There is another extreme, however, that’s just as far from the middle as the other.
It happens sometimes when I close my eyes.
I feel as if I am traveling through spaces of great beauty and immortal consciousness.
It doesn’t last for long.
But I wonder:
If I am capable of imagining this, if I can create this -
- doesn’t it mean that something that beautiful has to exist somewhere, somehow?
Where is it? How do I get more of it?
Is it waiting patiently for me at the end?
Or is it going to make me work harder than I ever thought possible while I am here?
6 Comments:
Dear Count
I stopped by to give the slip to my own demons for the moment and see how the world was with you.
I wish I could convey more than a stranger's sympathy, but perhaps I can say that finding your blog a while back was a wonderful discovery. Your unabashed love of literature -- and most would describe your tastes as 'difficult' on that front -- is just a joy to read. I might never make it through Finnegans Wake, but you give me the sense that it would be hell of fun thing to try. Your other tastes and fancies may not always be my own, but I'm more interested in them now because of your recommendation.
Again, the web and the little worlds we create here cannot stand up against the real challenges we face in life, but your corner of the web is one of the places I'm glad I've found.
Another reader who admires your style has sent me a Donald McGill archive link for amusement. I pass it along in the same spirit and hope that I'll see more of you (though not in the McGill sense of the pun) online.
It was great to see you & the Mrs. the other day. Great conversation, laughter and a bit of musical fun as well. I hope it was a bit of a break from recent events. I know you will pick yourself up, dust yourself off and get back on track.
Got to keep on keeping on brother!
Dear Ms. T,
Thank you so much! I am as flattered now as I was when you first made a point of mentioning us on your blog. It's a badge I wear with pride.
Let me, in fact, be plain about it if I haven't before: You have a witty and individual voice which makes your writing a pleasure to read, regardless of the subject.

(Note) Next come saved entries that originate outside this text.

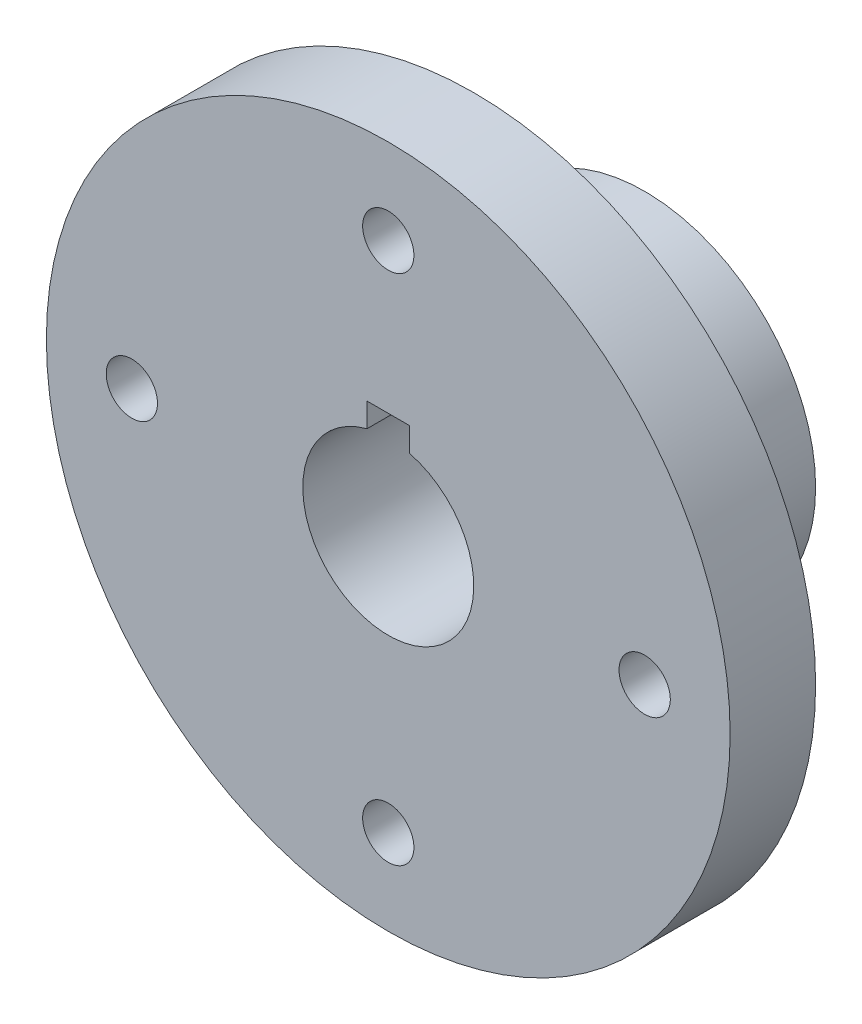
SolidWorks part; units mm, degrees
ref_plane "Front Plane" through (0, 0, 0) normal (0, 0, 1) x (1, 0, 0)
ref_plane "Top Plane" through (0, 0, 0) normal (0, 1, 0) x (1, 0, 0)
ref_plane "Right Plane" through (0, 0, 0) normal (1, 0, 0) x (0, 0, -1)
sketch "Sketch1" plane through (0, 0, 0) normal (0, 0, 1) x (1, 0, 0)
  circle A0 centre (0, 0) radius 200
extrude "Boss-Extrude1" add sketch "Sketch1" along normal blind 50
sketch "Sketch3" plane through (0, 0, 0) normal (0, 0, -1) x (-1, 0, 0)
  circle A0 centre (0, 0) radius 100
extrude "Boss-Extrude2" add sketch "Sketch3" along normal blind 100
sketch "Sketch4" plane through (0, 0, 50) normal (0, 0, 1) x (1, 0, 0)
  circle A0 centre (0, 150) radius 15
  circle A1 centre (150, 0) radius 15
  circle A2 centre (0, -150) radius 15
  circle A3 centre (-150, 0) radius 15
  point P12 (0, 0)
  dimension "D1" = 150
  dimension "D2" = 4
extrude "Cut-Extrude1" cut sketch "Sketch4" against normal blind 100
sketch "Sketch5" plane through (0, 0, 50) normal (0, 0, 1) x (1, 0, 0)
  circle A0 centre (0, 0) radius 50
extrude "Cut-Extrude2" cut sketch "Sketch5" against normal through all
sketch "Sketch6" plane through (0, 0, 50) normal (0, 0, 1) x (1, 0, 0)
  line L1 (-12.5, 62.5) -> (12.5, 62.5)
  line L2 (-12.5, 62.5) -> (-12.5, 37.5)
  line L3 (-12.5, 37.5) -> (12.5, 37.5)
  line L4 (12.5, 62.5) -> (12.5, 37.5)
  line L5 (-12.5, 62.5) -> (12.5, 37.5) construction
  line L6 (-12.5, 37.5) -> (12.5, 62.5) construction
  circle A0 centre (0, 0) radius 50 construction
  point P0 (0, 50)
extrude "Cut-Extrude3" cut sketch "Sketch6" against normal through all

And in an electronic wilderness, you stand out with grace and ease.
I feel terribly lucky that you somehow bumped into our little yard sale here and saw fit to hang around.
Thank you for the good wishes and I hope I can keep making your visits worthwhile.
RG
Dear Uncle Cleetus,
We were both similarly pleased that you decided to drop by! It was great to see you and the wife is already planning on drafting you for her upcoming "When You're Lookin' At Me, You're Lookin' At Jewry" tour.
It's Semitic Country Music with a mezuzah-like slant!
RG
Hey- Don't be a schmendrick! Did you know that Patsy Cline was really Patsy Kleinfeld! As cacamaimey as that sounds- Jews have made great contributions to Country/Roots Music! It is not a facacta idea at all! Robert Zimmerman- Hello?
And you thought I was just a clueless shagitz.
I'm tuning my guitar as we speak- Klezmer Kountry here we come! Giddy Up!
Maybe I can contribute a little something to these last two posts by recommending the film Shalom Ireland with the soundtrack Ceilizemer by local band Driving With Fergus and the The Freilachmakers Klezmer String Band.
But the hot ticket in town and getting mucho airplay in the Bay Area is Josh Lederman Y Los Diablos. Check THAT out.
And YES to Robert Zimmerman, who picked up an Irish song from the Clancy Brothers (or the Dubliners according to this site) and reworked it into the American classic "With God on Our Side." Indeed, the first time the local pub ballad bigwig stepped up to the mic and started singing "Come all ye young rebels and list while I sing. For the love of one's country is a terrible thing..." I thought "What on earth is he is he doing with Bob Dylan's song?"